The contemporary distinction between religious brothers and priests within religious orders reflects the formal role of priests in the structure of the order. Where only priests are allowed to be elected, superiors orders are the labelled ‘clerical institutes’. Where priests are refused election to the role of superiors, these institutes are described as ‘lay institutes’, however, these not to be labelled as ‘secular institutes’ that exist outside the traditional framework of religious orders. According to modern Canon Law, consecrated life within the Catholic Church includes religious institutes composed of persons who profess special religious vows. Religious institute ‘is an institute of consecrated life whose members take public vows, lead a life in common, and are in some way separated from the world' (Code of Canon Law: 607). ‘In itself, the state of consecrated life is neither clerical nor lay’ (Code of Canon Law: 588). Institutes of consecrated life are categorised into clerical and lay: a clerical institute is under the governance of priests ‘by reason of the end or purpose intended by the founder, or by reason of lawful tradition’ (Code of Canon Law: 588). Catholic Canon Law also mentions a secular institute which ‘is an institute of consecrated life whose members live in the world, strive for the perfection of charity and seek to help to sanctify the world, especially from within’ (Code of Canon Law: 710). In a secular institute, members ‘live in the world' without any obligation to live in common and ‘in the separation from the world’ (Code of Canon Law: 710 and 608). A lay institute ‘does not include the exercise of sacred orders’ (priesthood) (Code of Canon Law: 588).

To distinguish between ‘brothers’ and ‘priests’ within religious orders, church documents use the term ‘lay people’ for ‘brothers’, and ‘priests’ for ordained persons as parallel ‘sectors’ of religious orders. There is no doubt that the dynamics of religious orders in 20th and 21st century are strongly marked by the reconfiguration between ‘brothers’ and ‘priests’. The changing character of religious orders cannot be understood without focusing on the shifting roles and identity of priests within religious communities. The complex relationship between brothers and priests within religious orders is highlighted by strong tensions between the structures of religious orders which are formally independent from local bishops and diocesan structures, especially parishes which are directly subordinated to bishops.

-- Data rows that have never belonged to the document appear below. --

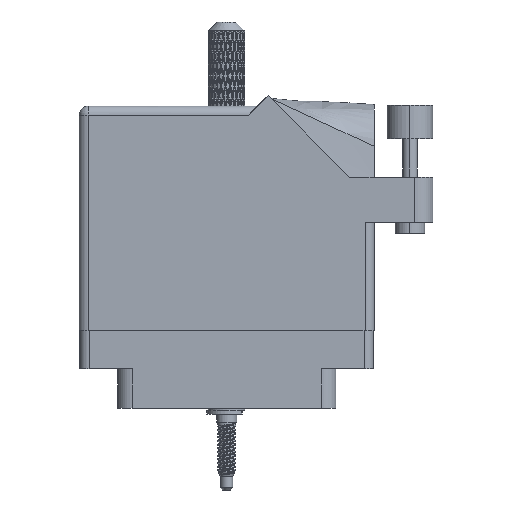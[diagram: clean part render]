
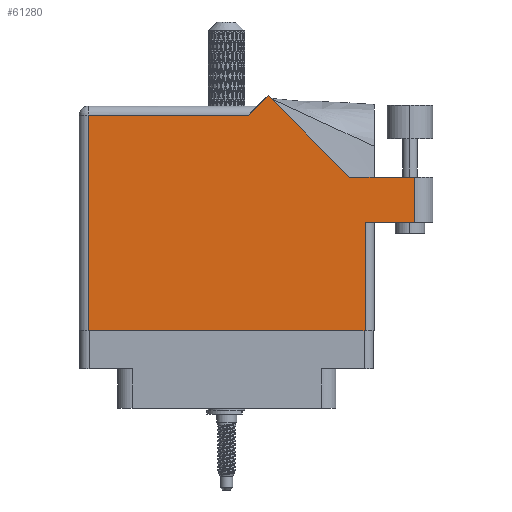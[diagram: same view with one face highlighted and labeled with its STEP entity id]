
A CAD part, front view. The second image highlights one B-rep face of the part: STEP entity #61280.
In plain terms, the highlighted face is planar.
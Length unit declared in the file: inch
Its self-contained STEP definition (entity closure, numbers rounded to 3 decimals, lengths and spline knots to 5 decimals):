
#662 = EDGE_CURVE ( 'NONE', #48689, #87548, #98536, .T. ) ;
#1987 = CARTESIAN_POINT ( 'NONE',  ( 0.062, 1.468, 0. ) ) ;
#2457 = ORIENTED_EDGE ( 'NONE', *, *, #82461, .T. ) ;
#5289 = ORIENTED_EDGE ( 'NONE', *, *, #96179, .T. ) ;
#7078 = LINE ( 'NONE', #24126, #43801 ) ;
#7857 = VERTEX_POINT ( 'NONE', #91684 ) ;
#11213 = CARTESIAN_POINT ( 'NONE',  ( 1.948, 0.737, 0. ) ) ;
#13085 = VERTEX_POINT ( 'NONE', #11213 ) ;
#17030 = DIRECTION ( 'NONE',  ( 0., 1., 0. ) ) ;
#22582 = CARTESIAN_POINT ( 'NONE',  ( 1.948, 0.737, 0. ) ) ;
#23770 = DIRECTION ( 'NONE',  ( -0.707, 0.707, 0. ) ) ;
#24126 = CARTESIAN_POINT ( 'NONE',  ( 1.84442, 1.044, 0. ) ) ;
#24417 = CARTESIAN_POINT ( 'NONE',  ( 2.285, 1.044, 0. ) ) ;
#26357 = ORIENTED_EDGE ( 'NONE', *, *, #87960, .T. ) ;
#29075 = VECTOR ( 'NONE', #39629, 39.37008 ) ;
#29246 = LINE ( 'NONE', #89505, #79902 ) ;
#31408 = DIRECTION ( 'NONE',  ( -1., 0., 0. ) ) ;
#39363 = DIRECTION ( 'NONE',  ( 0., 0., -1. ) ) ;
#39629 = DIRECTION ( 'NONE',  ( -0.707, -0.707, 0. ) ) ;
#39971 = CARTESIAN_POINT ( 'NONE',  ( 1.217, 1.53, 0. ) ) ;
#40223 = CARTESIAN_POINT ( 'NONE',  ( 2.41, 1.044, 0. ) ) ;
#40688 = EDGE_CURVE ( 'NONE', #77704, #85550, #97704, .T. ) ;
#43801 = VECTOR ( 'NONE', #23770, 39.37008 ) ;
#47397 = ORIENTED_EDGE ( 'NONE', *, *, #80287, .T. ) ;
#47505 = CARTESIAN_POINT ( 'NONE',  ( 0.062, 0., 0. ) ) ;
#48689 = VERTEX_POINT ( 'NONE', #64826 ) ;
#49328 = CARTESIAN_POINT ( 'NONE',  ( 2.285, 1.044, 0. ) ) ;
#49364 = DIRECTION ( 'NONE',  ( -1., 0., 0. ) ) ;
#52217 = VECTOR ( 'NONE', #31408, 39.37008 ) ;
#54879 = DIRECTION ( 'NONE',  ( 0., 1., 0. ) ) ;
#55350 = DIRECTION ( 'NONE',  ( 0., -1., 0. ) ) ;
#58581 = ORIENTED_EDGE ( 'NONE', *, *, #74296, .T. ) ;
#58901 = DIRECTION ( 'NONE',  ( 1., 0., 0. ) ) ;
#61280 = ADVANCED_FACE ( 'NONE', ( #94333 ), #63880, .F. ) ;
#62525 = VECTOR ( 'NONE', #54879, 39.37008 ) ;
#62948 = CARTESIAN_POINT ( 'NONE',  ( 0., 1.468, 0. ) ) ;
#63560 = LINE ( 'NONE', #24417, #103839 ) ;
#63880 = PLANE ( 'NONE',  #92909 ) ;
#64826 = CARTESIAN_POINT ( 'NONE',  ( 1.28771, 1.60071, 0. ) ) ;
#66237 = LINE ( 'NONE', #22582, #62525 ) ;
#70946 = LINE ( 'NONE', #98616, #84765 ) ;
#71127 = ORIENTED_EDGE ( 'NONE', *, *, #72528, .T. ) ;
#72528 = EDGE_CURVE ( 'NONE', #102807, #13085, #66237, .T. ) ;
#73178 = LINE ( 'NONE', #62948, #79472 ) ;
#74296 = EDGE_CURVE ( 'NONE', #102475, #83592, #63560, .T. ) ;
#76273 = ORIENTED_EDGE ( 'NONE', *, *, #40688, .T. ) ;
#76366 = VECTOR ( 'NONE', #55350, 39.37008 ) ;
#76837 = CARTESIAN_POINT ( 'NONE',  ( 0.062, 0., 0. ) ) ;
#77704 = VERTEX_POINT ( 'NONE', #1987 ) ;
#79472 = VECTOR ( 'NONE', #49364, 39.37008 ) ;
#79902 = VECTOR ( 'NONE', #98298, 39.37008 ) ;
#80287 = EDGE_CURVE ( 'NONE', #87548, #77704, #73178, .T. ) ;
#80389 = DIRECTION ( 'NONE',  ( -1., 0., 0. ) ) ;
#82461 = EDGE_CURVE ( 'NONE', #13085, #102475, #29246, .T. ) ;
#83064 = ORIENTED_EDGE ( 'NONE', *, *, #92636, .T. ) ;
#83592 = VERTEX_POINT ( 'NONE', #49328 ) ;
#83727 = CARTESIAN_POINT ( 'NONE',  ( 1.155, 1.468, 0. ) ) ;
#84765 = VECTOR ( 'NONE', #58901, 39.37008 ) ;
#85550 = VERTEX_POINT ( 'NONE', #76837 ) ;
#86113 = ORIENTED_EDGE ( 'NONE', *, *, #662, .T. ) ;
#87548 = VERTEX_POINT ( 'NONE', #83727 ) ;
#87960 = EDGE_CURVE ( 'NONE', #85550, #102807, #70946, .T. ) ;
#89505 = CARTESIAN_POINT ( 'NONE',  ( 2.01, 0.737, 0. ) ) ;
#91684 = CARTESIAN_POINT ( 'NONE',  ( 1.84442, 1.044, 0. ) ) ;
#92636 = EDGE_CURVE ( 'NONE', #7857, #48689, #7078, .T. ) ;
#92909 = AXIS2_PLACEMENT_3D ( 'NONE', #96170, #39363, #80389 ) ;
#94333 = FACE_OUTER_BOUND ( 'NONE', #98502, .T. ) ;
#96170 = CARTESIAN_POINT ( 'NONE',  ( 0., 1.53, 0. ) ) ;
#96179 = EDGE_CURVE ( 'NONE', #83592, #7857, #102719, .T. ) ;
#97704 = LINE ( 'NONE', #47505, #76366 ) ;
#98298 = DIRECTION ( 'NONE',  ( 1., 0., 0. ) ) ;
#98502 = EDGE_LOOP ( 'NONE', ( #2457, #58581, #5289, #83064, #86113, #47397, #76273, #26357, #71127 ) ) ;
#98536 = LINE ( 'NONE', #39971, #29075 ) ;
#98616 = CARTESIAN_POINT ( 'NONE',  ( 0., 0., 0. ) ) ;
#98620 = CARTESIAN_POINT ( 'NONE',  ( 1.948, 0., 0. ) ) ;
#99784 = CARTESIAN_POINT ( 'NONE',  ( 2.285, 0.737, 0. ) ) ;
#102475 = VERTEX_POINT ( 'NONE', #99784 ) ;
#102719 = LINE ( 'NONE', #40223, #52217 ) ;
#102807 = VERTEX_POINT ( 'NONE', #98620 ) ;
#103839 = VECTOR ( 'NONE', #17030, 39.37008 ) ;

The tension between brothers and priests was highlighted by the Second Vatican Council and later elaborated by the document Vita Consecrata by Pope. John Paul 11 strongly identified consecrated life as ‘signum fraterni- tatis’, meaning ‘fraternity’ and ‘fraternal life’ (John Paul II: 1996). In 2015, the Congregation for Institutes of Consecrated Life and Societies of Apostolic Life published a document entitled ‘Identity and mission of the religious brother in the Church’ (2015b). The document, designed as an initiative to promote an increasing appreciation of religious brothers’ vocation, clearly indicates the complicated position of the religious brothers: ‘However, we recognise that the vocation of the Religious Brother and Sister is not always well understood and appreciated within the Church’ (Congregation for Congregation for Institutes of Consecrated Life and Societies of Apostolic Life 2015b: 3). From our perspective, what is highly relevant here is that the documents point to the unsettled position of priestly functions in male religious orders, which in fact jeopardises the ‘fundamental objective’ of the religious life:

Consecrated life, predominantly lay in its beginnings, proposes as a fundamental objective, the cultivation of the collective Christian treasure, which is contained and given to all the faithful in the sacraments of initiation. Certainly, it accomplishes this in a special way, seeking to imitate Christ in his way of living: chaste, poor and obedient.

(Congregation for Institutes of Consecrated Life and Societies of Apostolic Life 2015b: 7)

According to this document, priestly functions have been dominating consecrated life: ‘Over the centuries, this goal, so essential to consecrated life, has run the risk of taking second place in male religious life, in favour of priestly functions’ (Congregation for Institutes of Consecrated Life and Societies of Apostolic Life 2015b: 9).